# What did I get myself into!!! LOL



## Jige (Mar 17, 2011)

Went to the AKC Mississippi Headwaters RC meeting last night lots on the agenda. we were talking about the upcoming 2013 hunt test and they said they need a chair person. I asked what it invovled was it like the HRC chair person. They didnt know cause none run HRC but anyways I said I would do it. :doh: What did I get myself into. LOL Actually I think it will be lots of fun. I need to read the book they told me about and I know that a few of the members will help me out alot. I said I wanted to get my hands into AKC well I think I did a bang up job of it.:


----------



## CAROLINA MOM (May 12, 2009)

Congrats, best of luck to ya. Sounds like it might be lots of work, but very enjoyable.

You'll do GREAT!


----------



## Jige (Mar 17, 2011)

Thanks I do like working under pressure so that is a plus.


----------



## hollyk (Feb 21, 2009)

Wow. When you jump in, you jump with both feet!


----------



## Jige (Mar 17, 2011)

I dont believe in doing things half way..lol. I have marshalled 3 hunt tests and I will be marshalling the upland HRC test in March.

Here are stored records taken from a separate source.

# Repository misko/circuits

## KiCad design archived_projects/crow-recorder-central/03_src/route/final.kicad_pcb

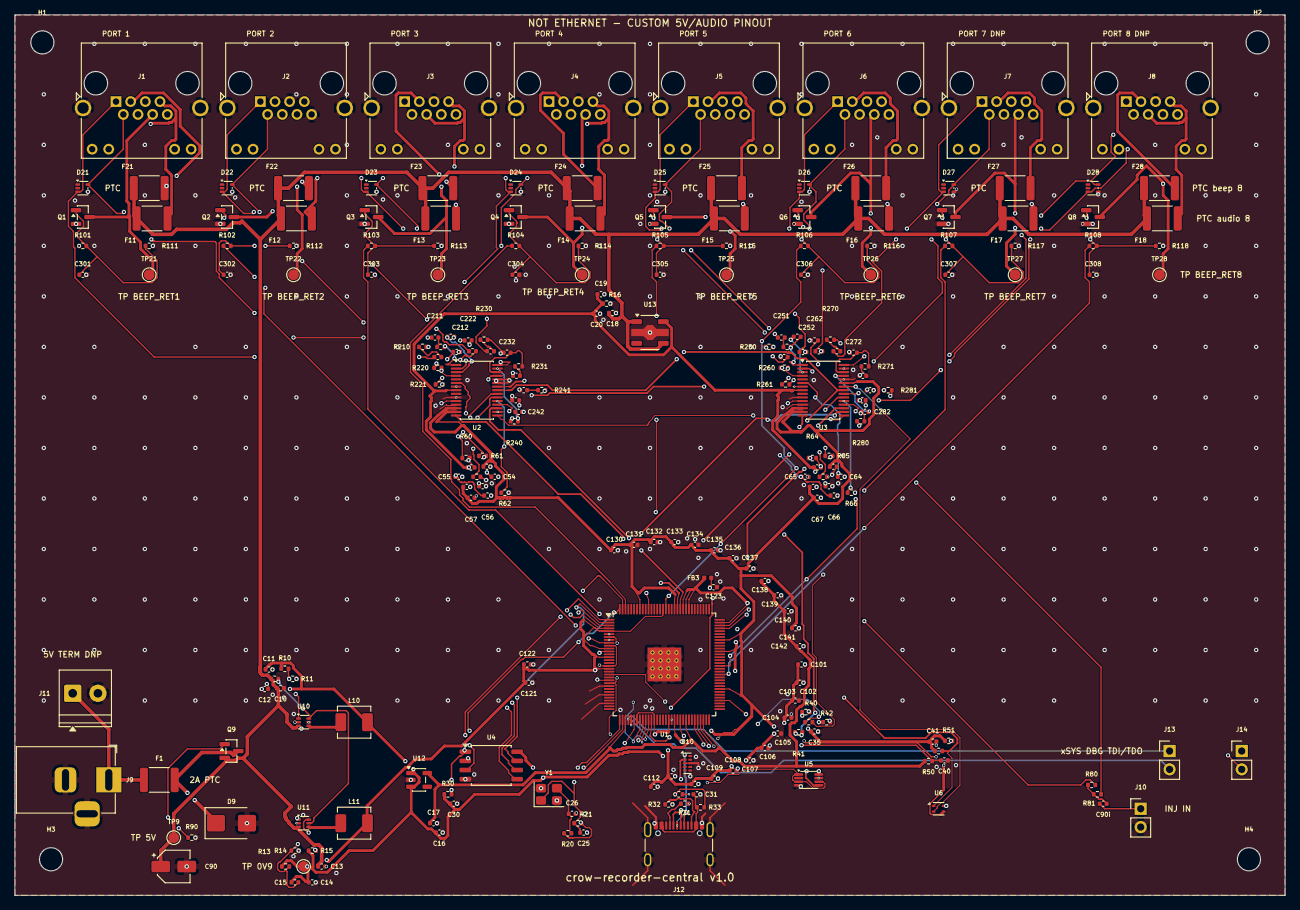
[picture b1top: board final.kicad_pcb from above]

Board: 6 copper layers, 176.0 x 122.0 mm, 238 parts (0 on the bottom side), 151 nets.

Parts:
C10, C13, C18: 4u7 VIN; C_0402_1005Metric
C11, C136, C137: 10u 3V3; C_0402_1005Metric
C12: 100p FF; C_0402_1005Metric
C14: 22u 0V9; C_0402_1005Metric
C15: 560p FF; C_0402_1005Metric
C16: 1u VIN; C_0402_1005Metric
C17: 1u 1V8; C_0402_1005Metric
C19: 10u 3V3A; C_0402_1005Metric
C20: 100n 3V3A; C_0402_1005Metric
C25: 18p CL1; C_0402_1005Metric
C26: 18p CL2; C_0402_1005Metric
C30: 100n flash; C_0402_1005Metric
C31: 1u VBUS; C_0402_1005Metric
C35: 100n buf; C_0402_1005Metric
C40: 10n RST; C_0402_1005Metric
C41: 100n SHT; C_0402_1005Metric
C50: 4u7 AVDD_A; C_0402_1005Metric
C51: 100n AVDD_A; C_0402_1005Metric
C52: 4u7 DVDD_A; C_0402_1005Metric
C53: 100n DVDD_A; C_0402_1005Metric
C54: 2u2 VREF_A; C_0402_1005Metric
C55: 2u2 LDO_A; C_0402_1005Metric
C56: 100n LDO_A; C_0402_1005Metric
C57: 100n IOV_A; C_0402_1005Metric
C60: 4u7 AVDD_B; C_0402_1005Metric
C61: 100n AVDD_B; C_0402_1005Metric
C62: 4u7 DVDD_B; C_0402_1005Metric
C63: 100n DVDD_B; C_0402_1005Metric
C64: 2u2 VREF_B; C_0402_1005Metric
C65: 2u2 LDO_B; C_0402_1005Metric
C66: 100n LDO_B; C_0402_1005Metric
C67: 100n IOV_B; C_0402_1005Metric
C90: 100u 5V bulk; CP_Elec_4x5.4
C90i: 1u inj; C_0402_1005Metric
C101, C102, C103, C104, C105, C106, C107, C108, C109, C110, C111, C112: 100n VDD; C_0402_1005Metric
C121, C122: 10u VDD; C_0402_1005Metric
C123: 1u PLL; C_0402_1005Metric
C130, C131, C132, C133, C134, C135: 100n 3V3; C_0402_1005Metric
C138, C139: 100n 1V8; C_0402_1005Metric
C140: 10u 1V8; C_0402_1005Metric
C141: 100n USB33; C_0402_1005Metric
C142: 100n USB18; C_0402_1005Metric
C210: 1u cpl P1; C_0402_1005Metric
C211: 1u cpl N1; C_0402_1005Metric
C212: 1n diff 1; C_0402_1005Metric
C220: 1u cpl P2; C_0402_1005Metric
C221: 1u cpl N2; C_0402_1005Metric
C222: 1n diff 2; C_0402_1005Metric
C230: 1u cpl P3; C_0402_1005Metric
C231: 1u cpl N3; C_0402_1005Metric
C232: 1n diff 3; C_0402_1005Metric
C240: 1u cpl P4; C_0402_1005Metric
C241: 1u cpl N4; C_0402_1005Metric
C242: 1n diff 4; C_0402_1005Metric
C250: 1u cpl P5; C_0402_1005Metric
C251: 1u cpl N5; C_0402_1005Metric
C252: 1n diff 5; C_0402_1005Metric
C260: 1u cpl P6; C_0402_1005Metric
C261: 1u cpl N6; C_0402_1005Metric
C262: 1n diff 6; C_0402_1005Metric
C270: 1u cpl P7; C_0402_1005Metric
C271: 1u cpl N7; C_0402_1005Metric
C272: 1n diff 7; C_0402_1005Metric
C280: 1u cpl P8; C_0402_1005Metric
C281: 1u cpl N8; C_0402_1005Metric
C282: 1n diff 8; C_0402_1005Metric
C301: 4n7 gate 1; C_0402_1005Metric
C302: 4n7 gate 2; C_0402_1005Metric
C303: 4n7 gate 3; C_0402_1005Metric
C304: 4n7 gate 4; C_0402_1005Metric
C305: 4n7 gate 5; C_0402_1005Metric
C306: 4n7 gate 6; C_0402_1005Metric
C307: 4n7 gate 7; C_0402_1005Metric
C308: 4n7 gate 8; C_0402_1005Metric
D9: SMBJ5.0A TVS; D_SMB
D10: TPD4EUSB30; USON-10_2.5x1.0mm_P0.5mm
D21: TPD2E2U06 p1; SOT-553
D22: TPD2E2U06 p2; SOT-553
D23: TPD2E2U06 p3; SOT-553
D24: TPD2E2U06 p4; SOT-553
D25: TPD2E2U06 p5; SOT-553
D26: TPD2E2U06 p6; SOT-553
D27: TPD2E2U06 p7; SOT-553
D28: TPD2E2U06 p8; SOT-553
F1: 2A PTC; Fuse_1812_4532Metric
F11: PTC audio 1; Fuse_1812_4532Metric
F12: PTC audio 2; Fuse_1812_4532Metric
F13: PTC audio 3; Fuse_1812_4532Metric
F14: PTC audio 4; Fuse_1812_4532Metric
F15: PTC audio 5; Fuse_1812_4532Metric
F16: PTC audio 6; Fuse_1812_4532Metric
F17: PTC audio 7; Fuse_1812_4532Metric
F18: PTC audio 8; Fuse_1812_4532Metric
F21: PTC beep 1; Fuse_1812_4532Metric
F22: PTC beep 2; Fuse_1812_4532Metric
F23: PTC beep 3; Fuse_1812_4532Metric
F24: PTC beep 4; Fuse_1812_4532Metric
F25: PTC beep 5; Fuse_1812_4532Metric
F26: PTC beep 6; Fuse_1812_4532Metric
F27: PTC beep 7; Fuse_1812_4532Metric
F28: PTC beep 8; Fuse_1812_4532Metric
FB3: 600R PLL; L_0402_1005Metric
H1, H2, H3, H4: MountingHole_3.2mm_M3
J1, J2, J3, J4, J5, J6: RJHSE-5384; RJ45_Amphenol_RJHSE538X
J7, J8: RJHSE-5384 DNP; RJ45_Amphenol_RJHSE538X
J9: DC-005 5V IN; BarrelJack_Horizontal
J10: INJ IN; PinHeader_1x02_P2.54mm_Vertical
J11: 5V TERM DNP; TerminalBlock_Phoenix_PT-1,5-2-3.5-H_1x02_P3.50mm_Horizontal
J12: USB4105-GF-A; USB_C_Receptacle_GCT_USB4105-xx-A_16P_TopMnt_Horizontal
J13: xSYS DBG TDI/TDO; PinHeader_1x02_P2.54mm_Vertical
J14: xSYS DBG TMS/TCK; PinHeader_1x02_P2.54mm_Vertical
L10: 1u0 3V3; L_Sunlord_MWSA0402S
L11: 1u0 0V9; L_Sunlord_MWSA0402S
Q1: AO3400A beep 1; SOT-23
Q2: AO3400A beep 2; SOT-23
Q3: AO3400A beep 3; SOT-23
Q4: AO3400A beep 4; SOT-23
Q5: AO3400A beep 5; SOT-23
Q6: AO3400A beep 6; SOT-23
Q7: AO3400A beep 7; SOT-23
Q8: AO3400A beep 8; SOT-23
Q9: AO3401A revFET; SOT-23
R10: 68k FB1 hi; R_0402_1005Metric
R11: 15k FB1 lo; R_0402_1005Metric
R12: 10k PG1 pu; R_0402_1005Metric
R13: 10k FB2 hi; R_0402_1005Metric
R14: 20k FB2 lo; R_0402_1005Metric
R15: 10k PG2 pu; R_0402_1005Metric
R16: 4k7 bleed; R_0402_1005Metric
R20: 680R Rd; R_0402_1005Metric
R21: 1M Rf; R_0402_1005Metric
R30: 10k CS pu; R_0402_1005Metric
R31: 5k1 CC1 Rd; R_0402_1005Metric
R32: 5k1 CC2 Rd; R_0402_1005Metric
R33: 220k VBUS; R_0402_1005Metric
R34: 330k VBUS; R_0402_1005Metric
R40: 33R MCLK_A; R_0402_1005Metric
R41: 33R MCLK_B; R_0402_1005Metric
R42: 33R BCLK; R_0402_1005Metric
R43: 33R LRCK; R_0402_1005Metric
R50: 10k RST pu; R_0402_1005Metric
R51: 4k7 SCL pu; R_0402_1005Metric
R52: 4k7 SDA pu; R_0402_1005Metric
R60: 100k GP0_A; R_0402_1005Metric
R61: 100k GP1_A; R_0402_1005Metric
R62: 100k GP2_A; R_0402_1005Metric
R63: 100k GP3_A; R_0402_1005Metric
R64: 100k GP0_B; R_0402_1005Metric
R65: 100k GP1_B; R_0402_1005Metric
R66: 100k GP2_B; R_0402_1005Metric
R67: 100k GP3_B; R_0402_1005Metric
R80: 1k inj ch4; R_0402_1005Metric
R81: 1k inj ch8; R_0402_1005Metric
R90: 100k FET gate; R_0402_1005Metric
R101: 1k gate 1; R_0402_1005Metric
R102: 1k gate 2; R_0402_1005Metric
R103: 1k gate 3; R_0402_1005Metric
R104: 1k gate 4; R_0402_1005Metric
R105: 1k gate 5; R_0402_1005Metric
R106: 1k gate 6; R_0402_1005Metric
R107: 1k gate 7; R_0402_1005Metric
R108: 1k gate 8; R_0402_1005Metric
R111: 100k pd 1; R_0402_1005Metric
R112: 100k pd 2; R_0402_1005Metric
R113: 100k pd 3; R_0402_1005Metric
R114: 100k pd 4; R_0402_1005Metric
R115: 100k pd 5; R_0402_1005Metric
R116: 100k pd 6; R_0402_1005Metric
R117: 100k pd 7; R_0402_1005Metric
R118: 100k pd 8; R_0402_1005Metric
R210: 49R9 P1; R_0402_1005Metric
R211: 49R9 N1; R_0402_1005Metric
R220: 49R9 P2; R_0402_1005Metric
R221: 49R9 N2; R_0402_1005Metric
R230: 49R9 P3; R_0402_1005Metric
R231: 49R9 N3; R_0402_1005Metric
R240: 49R9 P4; R_0402_1005Metric
R241: 49R9 N4; R_0402_1005Metric
R250: 49R9 P5; R_0402_1005Metric
R251: 49R9 N5; R_0402_1005Metric
R260: 49R9 P6; R_0402_1005Metric
R261: 49R9 N6; R_0402_1005Metric
R270: 49R9 P7; R_0402_1005Metric
R271: 49R9 N7; R_0402_1005Metric
R280: 49R9 P8; R_0402_1005Metric
R281: 49R9 N8; R_0402_1005Metric
TP9: TP 5V; TestPoint_Pad_D1.5mm
TP11: TP 0V9; TestPoint_Pad_D1.5mm
TP21: TP BEEP_RET1; TestPoint_Pad_D1.5mm
TP22: TP BEEP_RET2; TestPoint_Pad_D1.5mm
TP23: TP BEEP_RET3; TestPoint_Pad_D1.5mm
TP24: TP BEEP_RET4; TestPoint_Pad_D1.5mm
TP25: TP BEEP_RET5; TestPoint_Pad_D1.5mm
TP26: TP BEEP_RET6; TestPoint_Pad_D1.5mm
TP27: TP BEEP_RET7; TestPoint_Pad_D1.5mm
TP28: TP BEEP_RET8; TestPoint_Pad_D1.5mm
U1: XU316-1024-TQ128-I24; TQFP-128_14x14mm_P0.4mm_EP4.7mm
U2, U3: PCM1865DBTR; TSSOP-30_4.4x7.8mm_P0.5mm
U4: W25Q16JVSSIQ; SOIC-8_5.3x5.3mm_P1.27mm
U5: NC7NZ34 MCLK buf; VSSOP-8_2.3x2mm_P0.5mm
U6: SHT40-AD1B (0x44); Sensirion_DFN-4_1.5x1.5mm_P0.8mm_SHT4x_NoCentralPad
U10: AP61102 3V3; SOT-563
U11: AP61102 0V9; SOT-563
U12: TCR2LF18 1V8; SOT-23-5
U13: XC6227 3V3A; SOT-89-5
Y1: FA-238 24MHz; Crystal_SMD_3225-4Pin_3.2x2.5mm

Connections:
0V9: C14.1, C15.1, C101.1, C102.1, C103.1, C104.1, C105.1, C106.1, C107.1, C108.1, C109.1, C110.1, C111.1, C112.1, C121.1, C122.1, FB3.1, L11.2, R13.1, TP11.1, U1.5, U1.11, U1.14, U1.18, U1.39, U1.45, U1.50, U1.54, U1.68, U1.85, U1.95, U1.104, U1.105, U1.106, U1.113
1V8: C17.1, C138.1, C139.1, C140.1, C142.1, R50.1, U1.35, U1.56, U1.62, U12.5
3V3: C11.1, C12.1, C16.1, C30.1, C35.1, C41.1, C52.1, C53.1, C57.1, C62.1, C63.1, C67.1, C130.1, C131.1, C132.1, C133.1, C134.1, C135.1, C136.1, C137.1, C141.1, L10.2, R10.1, R15.1, R30.1, R51.1, R52.1, U1.10, U1.17, U1.40, U1.43, U1.52, U1.61, U1.72, U1.89, U1.109, U1.121, U2.13, U2.14, U3.13, U3.14, U3.25, U4.8, U5.8, U6.3, U12.1, U12.3
3V3A: C19.1, C20.1, C50.1, C51.1, C60.1, C61.1, R16.1, U2.8, U3.8, U13.5
5V: C10.1, C13.1, C18.1, C90.1, F11.1, F12.1, F13.1, F14.1, F15.1, F16.1, F17.1, F18.1, F21.1, F22.1, F23.1, F24.1, F25.1, F26.1, F27.1, F28.1, Q9.2, R12.1, TP9.1, U10.3, U10.5, U11.3, U13.1, U13.4
5V_AUD1: F11.2, J1.4, J1.7
5V_AUD2: F12.2, J2.4, J2.7
5V_AUD3: F13.2, J3.4, J3.7
5V_AUD4: F14.2, J4.4, J4.7
5V_AUD5: F15.2, J5.4, J5.7
5V_AUD6: F16.2, J6.4, J6.7
5V_AUD7: F17.2, J7.4, J7.7
5V_AUD8: F18.2, J8.4, J8.7
5V_IN: F1.1, J9.1, J11.1
5V_P: D9.1, F1.2, Q9.3
AIN_N1: C211.2, R211.1
AIN_N2: C221.2, R221.1
AIN_N3: C231.2, R231.1
AIN_N4: C241.2, R241.1
AIN_N5: C251.2, R251.1
AIN_N6: C261.2, R261.1
AIN_N7: C271.2, R271.1
AIN_N8: C281.2, R281.1
AIN_P1: C210.2, R210.1
AIN_P2: C220.2, R220.1
AIN_P3: C230.2, R230.1
AIN_P4: C240.2, R80.2, R240.1
AIN_P5: C250.2, R250.1
AIN_P6: C260.2, R260.1
AIN_P7: C270.2, R270.1
AIN_P8: C280.2, R81.2, R280.1
AUD_N1: C211.1, D21.5, J1.2
AUD_N2: C221.1, D22.5, J2.2
AUD_N3: C231.1, D23.5, J3.2
AUD_N4: C241.1, D24.5, J4.2
AUD_N5: C251.1, D25.5, J5.2
AUD_N6: C261.1, D26.5, J6.2
AUD_N7: C271.1, D27.5, J7.2
AUD_N8: C281.1, D28.5, J8.2
AUD_P1: C210.1, D21.3, J1.1
AUD_P2: C220.1, D22.3, J2.1
AUD_P3: C230.1, D23.3, J3.1
AUD_P4: C240.1, D24.3, J4.1
AUD_P5: C250.1, D25.3, J5.1
AUD_P6: C260.1, D26.3, J6.1
AUD_P7: C270.1, D27.3, J7.1
AUD_P8: C280.1, D28.3, J8.1
BCLK: R42.2, U2.17, U3.17
BCLK_X: R42.1, U1.22
BEEP_5V1: F21.2, J1.3
BEEP_5V2: F22.2, J2.3
BEEP_5V3: F23.2, J3.3
BEEP_5V4: F24.2, J4.3
BEEP_5V5: F25.2, J5.3
BEEP_5V6: F26.2, J6.3
BEEP_5V7: F27.2, J7.3
BEEP_5V8: F28.2, J8.3
BEEP_G1: R101.1, U1.6
BEEP_G2: R102.1, U1.9
BEEP_G3: R103.1, U1.12
BEEP_G4: R104.1, U1.126
BEEP_G5: R105.1, U1.118
BEEP_G6: R106.1, U1.112
BEEP_G7: R107.1, U1.80
BEEP_G8: R108.1, U1.77
BEEP_RET1: J1.6, Q1.3, TP21.1
BEEP_RET2: J2.6, Q2.3, TP22.1
BEEP_RET3: J3.6, Q3.3, TP23.1
BEEP_RET4: J4.6, Q4.3, TP24.1
BEEP_RET5: J5.6, Q5.3, TP25.1
BEEP_RET6: J6.6, Q6.3, TP26.1
BEEP_RET7: J7.6, Q7.3, TP27.1
BEEP_RET8: J8.6, Q8.3, TP28.1
BG_1: C301.1, Q1.1, R101.2, R111.1
BG_2: C302.1, Q2.1, R102.2, R112.1
BG_3: C303.1, Q3.1, R103.2, R113.1
BG_4: C304.1, Q4.1, R104.2, R114.1
BG_5: C305.1, Q5.1, R105.2, R115.1
BG_6: C306.1, Q6.1, R106.2, R116.1
BG_7: C307.1, Q7.1, R107.2, R117.1
BG_8: C308.1, Q8.1, R108.2, R118.1
BK1_PG: R12.2, U10.6, U11.5
BK1_SW: L10.1, U10.4
BK2_PG: R15.2, U11.6
BK2_SW: L11.1, U11.4
CC1: J12.A5, R31.1
CC2: J12.B5, R32.1
DATA1: U1.107, U2.18
DATA2: U1.108, U3.18
FB1: C12.2, R10.2, R11.1, U10.1
FB2: C15.2, R13.2, R14.1, U11.1
GATE9: Q9.1, R90.1
GND: C10.2, C11.2, C13.2, C14.2, C16.2, C17.2, C18.2, C19.2, C20.2, C25.2, C26.2, C30.2, C31.2, C35.2, C40.2, C41.2, C50.2, C51.2, C52.2, C53.2, C54.2, C55.2, C56.2, C57.2, C60.2, C61.2, C62.2, C63.2, C64.2, C65.2, C66.2, C67.2, C90.2, C101.2, C102.2, C103.2, C104.2, C105.2, C106.2, C107.2, C108.2, C109.2, C110.2, C111.2, C112.2, C121.2, C122.2, C123.2, C130.2, C131.2, C132.2, C133.2, C134.2, C135.2, C136.2, C137.2, C138.2, C139.2, C140.2, C141.2, C142.2, C301.2, C302.2, C303.2, C304.2, C305.2, C306.2, C307.2, C308.2, D9.2, D10.3, D10.8, D21.4, D22.4, D23.4, D24.4, D25.4, D26.4, D27.4, D28.4, J1.5, J1.8, J1.SH, J2.5, J2.8, J2.SH, J3.5, J3.8, J3.SH, J4.5, J4.8, J4.SH, J5.5, J5.8, J5.SH, J6.5, J6.8, J6.SH, J7.5, J7.8, J7.SH, J8.5, J8.8, J8.SH, J9.2, J9.3, J10.2, J11.2, J12.A1, J12.A12, J12.B1, J12.B12, J12.SH, Q1.2, Q2.2, Q3.2, Q4.2, Q5.2, Q6.2, Q7.2, Q8.2, R11.2, R14.2, R16.2, R31.2, R32.2, R34.2, R60.2, R61.2, R62.2, R63.2, R64.2, R65.2, R66.2, R67.2, R90.2, R111.2, R112.2, R113.2, R114.2, R115.2, R116.2, R117.2, R118.2, U1.24, U1.27, U1.30, U1.42, U1.129, U2.7, U2.10, U2.12, U2.25, U2.26, U3.7, U3.10, U3.12, U3.26, U4.4, U5.4, U6.4, U10.2, U11.2, U12.2, U13.2, Y1.2, Y1.4
GP0_A: R60.1, U2.22
GP0_B: R64.1, U3.22
GP1_A: R61.1, U2.21
GP1_B: R65.1, U3.21
GP2_A: R62.1, U2.20
GP2_B: R66.1, U3.20
GP3_A: R63.1, U2.19
GP3_B: R67.1, U3.19
I2C_SCL: R51.2, U1.93, U2.24, U3.24, U6.2
I2C_SDA: R52.2, U1.94, U2.23, U3.23, U6.1
INJ: C90i.1, J10.1
INJ_C: C90i.2, R80.1, R81.1
LDO_A: C55.1, C56.1, U2.11
LDO_B: C65.1, C66.1, U3.11
LRCK: R43.2, U2.16, U3.16
LRCK_X: R43.1, U1.20
MCLK_A: R40.2, U2.15
MCLK_A0: R40.1, U5.7
MCLK_B: R41.2, U3.15
MCLK_B0: R41.1, U5.5
MCLK_SRC: U1.7, U1.23, U5.1, U5.3, U5.6
PLL_AVDD: C123.1, FB3.2, U1.41
QSPI_CLK: U1.4, U4.6
QSPI_CS: R30.2, U1.2, U4.1
QSPI_D0: U1.127, U4.5
QSPI_D1: U1.128, U4.2
QSPI_D2: U1.1, U4.3
QSPI_D3: U1.3, U4.7
RST_N: C40.1, R50.2, U1.38
TCK: J14.2, U1.51
TDI: J13.1, U1.36
TDO: J13.2, U1.37
TMS: J14.1, U1.44
USB_DM: D10.2, J12.A7, J12.B7, U1.59
USB_DP: D10.1, J12.A6, J12.B6, U1.60
VA1M: C212.2, R211.2, U2.1
VA1P: C212.1, R210.2, U2.3
VA2M: C222.2, R221.2, U2.2
VA2P: C222.1, R220.2, U2.4
VA3M: C232.2, R231.2, U2.28
VA3P: C232.1, R230.2, U2.30
VA4M: C242.2, R241.2, U2.27
VA4P: C242.1, R240.2, U2.29
VB1M: C252.2, R251.2, U3.1
VB1P: C252.1, R250.2, U3.3
VB2M: C262.2, R261.2, U3.2
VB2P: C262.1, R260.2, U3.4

So I have that under my belt. I have people that will help being bird boys need to make sure I have good gunners lined up and good marshalls.


----------



## gdgli (Aug 24, 2011)

Just don't forget that no good deed goes unpunished.


----------



## Swampcollie (Sep 6, 2007)

Get a hold of the Retriever Hunt Test Regulations and Guidelines, and a copy of the Guide to Dealing with Misconduct. Study them thoroughly. Attend the AKC Seminar for Judges and Handlers. There will be one somewhere in Minnesota in the early Spring.


----------



## Jige (Mar 17, 2011)

Thanks Mike I was wondering which books I needed. I will get them soon so I have plenty of time to study them. Thats a good idea to go to the seminar. I wish my club was hosting one but they said they didnt want too at the meeting the other night.


----------



## Swampcollie (Sep 6, 2007)

The Hunt Test Secretary should have copies of both available for you.


----------